# Next army



## Karnax (Sep 23, 2010)

I currently play High Elves, and I like them a lot, but I was thinking about doing an army which is a) more durable (WoC) b) Has so many models it doesn't matter (skaven) or 3) being able to raise back your dead (Vampire Counts), as T3 AS 5+ on average has let me down sometimes.

All advice appreciated.

Karnax


----------



## Lord Sven Kittyclaw (Mar 23, 2009)

Well, your not really clear on what your asking for here..Do you just want validation about what you think matches your needs? Then going by what your looking for, those three armies fit the bill.


----------



## Karnax (Sep 23, 2010)

I was hoping for some advice on the strengths and weaknesses of each army, as they all look good. I am hoping to do a more close combat orientated force, but they can all do that, so I'm stuck as to which one to choose.

Sorry if I wasn't clear on what advice I wanted.:wink:

Karnax


----------



## Lord Sven Kittyclaw (Mar 23, 2009)

ahh Well now I can help you!

Well lets start then! 

WoC: There isnt really to much to say, awesome close combat, powerful sorcerers, and hellcannons! A few things, obviously they are really expensive which means they may quite often be fighting steadfast foes. Also there is a rather high proportion or WoC players from what I understand. 

Vampires: Very powerful and customisable characters, all fear causing (though it was nerfed) and the ability to bring back the dead. Some people think vampires got worse, I think we only got better. 

Skaven: Lots of bodies, cool rules, cool warmachines, and in my oppinon one of the most fun armies, with so much variety and style. Obviously suffers from low leadership and armour. But with such cheap points cost, you dont really care now do you?


----------



## Karnax (Sep 23, 2010)

Cheers kittyclaw, this helps a lot.

The main reasons I can't choose between these armies are:

WoC - I have this image in my head of unstoppable metal giants carving a bloody path through the enemy. 

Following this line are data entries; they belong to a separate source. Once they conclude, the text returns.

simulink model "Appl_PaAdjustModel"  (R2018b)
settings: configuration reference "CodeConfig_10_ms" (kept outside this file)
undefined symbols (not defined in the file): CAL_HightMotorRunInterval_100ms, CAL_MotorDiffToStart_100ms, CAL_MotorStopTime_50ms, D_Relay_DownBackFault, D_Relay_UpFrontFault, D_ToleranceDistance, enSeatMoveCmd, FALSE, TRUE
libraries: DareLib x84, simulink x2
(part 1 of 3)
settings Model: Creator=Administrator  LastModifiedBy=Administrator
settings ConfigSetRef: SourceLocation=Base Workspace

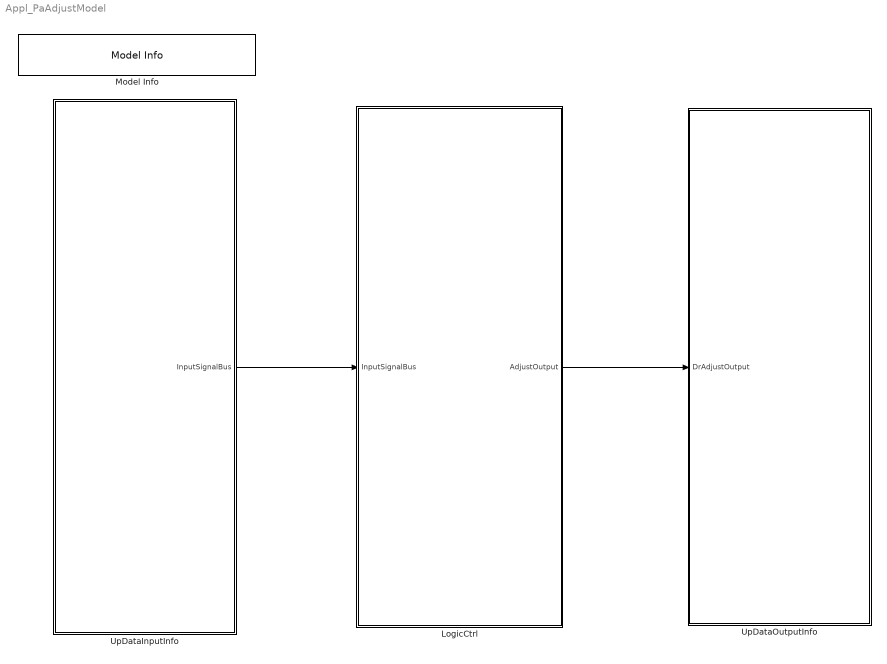
== system Appl_PaAdjustModel ==
  LogicCtrl : Subsystem  Priority=2  TreatAsAtomicUnit=on
      settings: RTWSystemCode=Nonreusable function  RTWFcnNameOpts=Use subsystem name
  Model Info : simulink/Model-Wide Utilities/Model Info  Frame=on  DisplayStringWithTags=Version：%<ModelVersion>  HorizontalTextAlignment=Center  LeftAlignmentValue=0.5
  UpDataInputInfo : Subsystem  Priority=1  TreatAsAtomicUnit=on
      settings: RTWSystemCode=Nonreusable function  RTWFcnNameOpts=Use subsystem name
  UpDataOutputInfo : Subsystem  Priority=3  TreatAsAtomicUnit=on
      settings: RTWSystemCode=Nonreusable function  RTWFcnNameOpts=Use subsystem name
  wires:
  UpDataInputInfo/1(InputSignalBus) -> LogicCtrl/1(InputSignalBus)
  LogicCtrl/1(AdjustOutput) -> UpDataOutputInfo/1(DrAdjustOutput)

== system Appl_PaAdjustModel/LogicCtrl ==
  InputSignalBus : Inport
  LocalAdjustCtrl : Subsystem  Description=调节逻辑处理
      settings: AttributesFormatString=%<Description>
  AdjustOutput : Outport
  wires:
  InputSignalBus/1 -> LocalAdjustCtrl/1(RteInputBus)  "RteInputBus"
  LocalAdjustCtrl/1(LocalAdjustCtrlOut) -> AdjustOutput/1

== system Appl_PaAdjustModel/UpDataInputInfo ==
  InputSignalProcess : Subsystem  Description=数据处理
      settings: AttributesFormatString=%<Description>  RTWSystemCode=Nonreusable function  RTWFcnNameOpts=Use subsystem name
  RTE : Subsystem  Description=接口自动生成  TreatAsAtomicUnit=on
      settings: AttributesFormatString=%<Description>  RTWSystemCode=Nonreusable function  RTWFcnNameOpts=Use subsystem name
  InputSignalBus : Outport
  wires:
  InputSignalProcess/1(InputSignalBus) -> InputSignalBus/1
  RTE/1(RTE_Signal) -> InputSignalProcess/1(Rte_SignalBus)

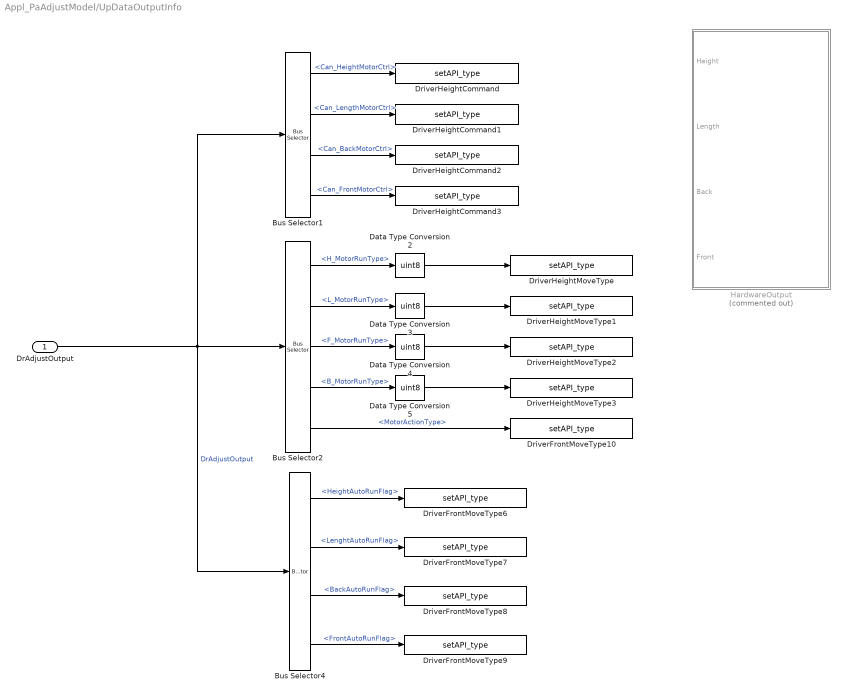
== system Appl_PaAdjustModel/UpDataOutputInfo ==
  DrAdjustOutput : Inport
  Bus Selector1 : BusSelector  OutputSignals=MotorCtrl.Can_HeightMotorCtrl,MotorCtrl.Can_LengthMotorCtrl,MotorCtrl.Can_BackMotorCtrl,MotorCtrl.Can_FrontMotorCtrl
  Bus Selector2 : BusSelector  OutputSignals=MotorRunType.H_MotorRunType,MotorRunType.L_MotorRunType,MotorRunType.F_MotorRunType,MotorRunType.B_MotorRunType,MotorReq.MotorActionType
  Bus Selector4 : BusSelector  OutputSignals=AutoRunFlag.HeightAutoRunFlag,AutoRunFlag.LenghtAutoRunFlag,AutoRunFlag.BackAutoRunFlag,AutoRunFlag.FrontAutoRunFlag
  Data Type Conversion{2..5} (4 alike) : DataTypeConversion  OutDataTypeStr=uint8
  DriverFrontMoveType10 : DareLib/Dare/setAPI_type  g_funcname=Rte_SetVfb_PaMoveType  g_param=""  g_type=uint8  g_enum=enSeatMotorRunTye  g_size=-1
      settings: AttributesFormatString=%<g_funcname>  SourceProductName=Dare Library
  DriverFrontMoveType6 : DareLib/Dare/setAPI_type  g_funcname=Rte_SetVfb_PaHeightAutoRunFlag  g_param=""  g_type=uint8  g_enum=enSeatAutoRunSts  g_size=-1
      settings: AttributesFormatString=%<g_funcname>  SourceProductName=Dare Library
  DriverFrontMoveType7 : DareLib/Dare/setAPI_type  g_funcname=Rte_SetVfb_PaLengthAutoRunFlag  g_param=""  g_type=uint8  g_enum=enSeatAutoRunSts  g_size=-1
      settings: AttributesFormatString=%<g_funcname>  SourceProductName=Dare Library
  DriverFrontMoveType8 : DareLib/Dare/setAPI_type  g_funcname=Rte_SetVfb_PaBackAutoRunFlag  g_param=""  g_type=uint8  g_enum=enSeatAutoRunSts  g_size=-1
      settings: AttributesFormatString=%<g_funcname>  SourceProductName=Dare Library
  DriverFrontMoveType9 : DareLib/Dare/setAPI_type  g_funcname=Rte_SetVfb_PaFrontAutoRunFlag  g_param=""  g_type=uint8  g_enum=enSeatAutoRunSts  g_size=-1
      settings: AttributesFormatString=%<g_funcname>  SourceProductName=Dare Library
  DriverHeightCommand : DareLib/Dare/setAPI_type  g_funcname=Rte_SetVfb_PaHeightMotorCmd  g_param=""  g_type=uint8  g_size=-1
      settings: AttributesFormatString=%<g_funcname>  SourceProductName=Dare Library
  DriverHeightCommand1 : DareLib/Dare/setAPI_type  g_funcname=Rte_SetVfb_PaLengthMotorCmd  g_param=""  g_type=uint8  g_size=-1
      settings: AttributesFormatString=%<g_funcname>  SourceProductName=Dare Library
  DriverHeightCommand2 : DareLib/Dare/setAPI_type  g_funcname=Rte_SetVfb_PaBackMotorCmd  g_param=""  g_type=uint8  g_size=-1
      settings: AttributesFormatString=%<g_funcname>  SourceProductName=Dare Library
  DriverHeightCommand3 : DareLib/Dare/setAPI_type  g_funcname=Rte_SetVfb_PaFrontMotorCmd  g_param=""  g_type=uint8  g_size=-1
      settings: AttributesFormatString=%<g_funcname>  SourceProductName=Dare Library
  DriverHeightMoveType : DareLib/Dare/setAPI_type  g_funcname=Rte_SetVfb_PaHeightMotorReason  g_param=""  g_type=uint8  g_size=-1
      settings: AttributesFormatString=%<g_funcname>  SourceProductName=Dare Library
  DriverHeightMoveType1 : DareLib/Dare/setAPI_type  g_funcname=Rte_SetVfb_PaLengthMotorReason  g_param=""  g_type=uint8  g_size=-1
      settings: AttributesFormatString=%<g_funcname>  SourceProductName=Dare Library
  DriverHeightMoveType2 : DareLib/Dare/setAPI_type  g_funcname=Rte_SetVfb_PaBackMotorReason  g_param=""  g_type=uint8  g_size=-1
      settings: AttributesFormatString=%<g_funcname>  SourceProductName=Dare Library
  DriverHeightMoveType3 : DareLib/Dare/setAPI_type  g_funcname=Rte_SetVfb_PaFrontMotorReason  g_param=""  g_type=uint8  g_size=-1
      settings: AttributesFormatString=%<g_funcname>  SourceProductName=Dare Library
  HardwareOutput : Subsystem  Commented=on
  wires:
  DrAdjustOutput/1 -> Bus Selector4/1, Bus Selector1/1, Bus Selector2/1  "DrAdjustOutput"
  Data Type Conversion2/1 -> DriverHeightMoveType/1
  Data Type Conversion3/1 -> DriverHeightMoveType1/1
  Data Type Conversion4/1 -> DriverHeightMoveType2/1
  Data Type Conversion5/1 -> DriverHeightMoveType3/1
  Bus Selector1/1 -> DriverHeightCommand/1  "<Can_HeightMotorCtrl>"
  Bus Selector1/2 -> DriverHeightCommand1/1  "<Can_LengthMotorCtrl>"
  Bus Selector1/3 -> DriverHeightCommand2/1  "<Can_BackMotorCtrl>"
  Bus Selector1/4 -> DriverHeightCommand3/1  "<Can_FrontMotorCtrl>"
  Bus Selector2/1 -> Data Type Conversion2/1  "<H_MotorRunType>"
  Bus Selector2/2 -> Data Type Conversion3/1  "<L_MotorRunType>"
  Bus Selector2/3 -> Data Type Conversion4/1  "<F_MotorRunType>"
  Bus Selector2/4 -> Data Type Conversion5/1  "<B_MotorRunType>"
  Bus Selector2/5 -> DriverFrontMoveType10/1  "<MotorActionType>"
  Bus Selector4/2 -> DriverFrontMoveType7/1  "<LenghtAutoRunFlag>"
  Bus Selector4/1 -> DriverFrontMoveType6/1  "<HeightAutoRunFlag>"
  Bus Selector4/3 -> DriverFrontMoveType8/1  "<BackAutoRunFlag>"
  Bus Selector4/4 -> DriverFrontMoveType9/1  "<FrontAutoRunFlag>"

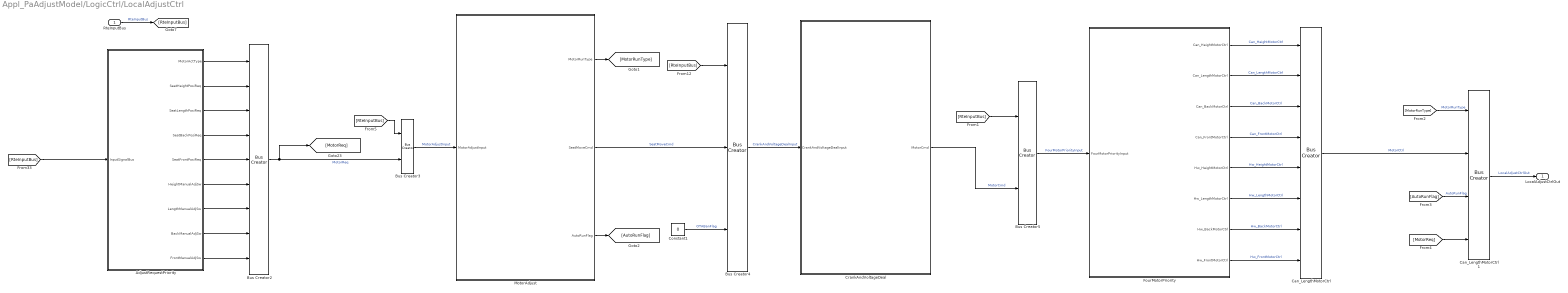
== system Appl_PaAdjustModel/LogicCtrl/LocalAdjustCtrl ==
  RteInputBus : Inport
  AdjustRequestPriority : Subsystem  Description=电机运动请求优先级处理
      settings: AttributesFormatString=%<Description>
      mask Display: image('优先级.png');
  Bus Creator2 : BusCreator  Inputs=9
  Bus Creator3 : BusCreator  Inputs=2
  Bus Creator4 : BusCreator  Inputs=3
  Bus Creator5 : BusCreator  Inputs=2
  Can_LengthMotorCtrl : BusCreator  Inputs=8
  Can_LengthMotorCtrl1 : BusCreator  Inputs=4
  Constant1 : Constant  Value=0
  CrankAndVoltageDeal : Subsystem  Description=CRANK卸荷和电压限制处理
      settings: AttributesFormatString=%<Description>
      mask Display: image('卸荷.png');
  FourMotorPriority : Subsystem  Description=四向调节电机运动优先级
      settings: AttributesFormatString=%<Description>
      mask Display: image('电机优先级.png');
  MotorAdjust : Subsystem  Description=四向电机调节
      settings: AttributesFormatString=%<Description>
      mask Display: image('电机调节.png');
  LocalAdjustCtrlOut : Outport
  wires:
  MotorAdjust/3(AutoRunFlag) -> [AutoRunFlag]
  [RteInputBus] -> Bus Creator4/1
  RteInputBus/1 -> [RteInputBus]  "RteInputBus"
  Bus Creator2/1 -> [MotorReq], Bus Creator3/2  "MotorReq"
  [RteInputBus] -> Bus Creator3/1
  Bus Creator3/1 -> MotorAdjust/1(MotorAdjustInput)  "MotorAdjustInput"
  Constant1/1 -> Bus Creator4/3  "OTABanFlag"
  MotorAdjust/2(SeatMoveCmd) -> Bus Creator4/2  "SeatMoveCmd"
  Bus Creator4/1 -> CrankAndVoltageDeal/1(CrankAndVoltageDealInput)  "CrankAndVoltageDealInput"
  CrankAndVoltageDeal/1(MotorCmd) -> Bus Creator5/2  "MotorCmd"
  [RteInputBus] -> Bus Creator5/1
  Bus Creator5/1 -> FourMotorPriority/1(FourMotorPriorityInput)  "FourMotorPriorityInput"
  MotorAdjust/1(MotorRunType) -> [MotorRunType]
  [MotorRunType] -> Can_LengthMotorCtrl1/1  "MotorRunType"
  [AutoRunFlag] -> Can_LengthMotorCtrl1/3  "AutoRunFlag"
  Can_LengthMotorCtrl/1 -> Can_LengthMotorCtrl1/2  "MotorCtrl"
  Can_LengthMotorCtrl1/1 -> LocalAdjustCtrlOut/1  "LocalAdjustCtrlOut"
  [MotorReq] -> Can_LengthMotorCtrl1/4
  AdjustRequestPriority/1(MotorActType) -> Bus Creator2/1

VC - You kill half my army??!! I raise them back and more. :biggrin:

Skaven - My brother does Skaven, so I was thinking of a clan pestilens themed army, that would be consist of tough, flail weilding nutters that can swamp the enemy with their numbers. 

Karnax


----------



## Lord Sven Kittyclaw (Mar 23, 2009)

Your right about everything, your clearly well informed as to what you want from each army, and have a realistic view of their strenghts. So now its all just up to you. But always glad to help!


----------



## Karnax (Sep 23, 2010)

Thanks kittyclaw.
I will probably ask whether or not I can play a game or two with my brithers army, and see what it's like. If it's fun, then probably skaven. If not, then it'll be a choice between VC and WoC.


----------



## Lord Sven Kittyclaw (Mar 23, 2009)

Good plan, I would be interested to know your choice, and look forward to seeing some armylists posted for your chosen force!


----------



## Karnax (Sep 23, 2010)

Will do kittyclaw.
I've got one idea in my head for skaven at 500 pts, i'll post it now.


----------



## Aramoro (Oct 7, 2009)

I started playing Vampire Counts as my next Army (From Daemons and Bretonians) and I'm liking them. They have lost quite a bit of power that they had in the Magic Phase but they still have some nice tricks and quite a few different builds as well which is nice. 

Aramoro


----------



## Karnax (Sep 23, 2010)

I heard one person mention something which he said was pure brokenness.
I think it was a red fury, ethereal dragon, created via Transformation of Kadon.


----------



## Lord Sven Kittyclaw (Mar 23, 2009)

yeah except you cant actually do that, to many points. to get the lore of beasts you need forbidden lore, then add etheral your already at 65 points of Vampiric abilities. No room for Red fury. As awesome/broken (depending on where your standing) as that would be.


----------



## Karnax (Sep 23, 2010)

What if he was a vampire lord?


----------



## Lord Sven Kittyclaw (Mar 23, 2009)

nope, because he would have to be a vampire lord just to get both forbidden lore and ethereal. So you either get him as a dragon or whatever you turn him into, with red fury, or with ethereal


----------



## Karnax (Sep 23, 2010)

What about red fury mountain chimera? a potential 50 poisoned attacks (with frenzy), followed by a thunderstomp. :shok::shok::shok::shok::shok::shok:


----------



## Lord Sven Kittyclaw (Mar 23, 2009)

50? How so, mountain chimera is 4d6, so max would be 48, and thats being REALLY optimistic. The dragon is better, all around better statline, and it can use its breath weapon in combat.


----------



## Masked Jackal (Dec 16, 2009)

Lord Sven Kittyclaw said:


> 50? How so, mountain chimera is 4d6, so max would be 48, and thats being REALLY optimistic. The dragon is better, all around better statline, and it can use its breath weapon in combat.


An average of 14 attacks and potential for a lot more disagrees with you.


----------



## Lord Sven Kittyclaw (Mar 23, 2009)

what do you mean? Im aware the mountain chimera makes more attacks, in exchange for a shittier profile.


----------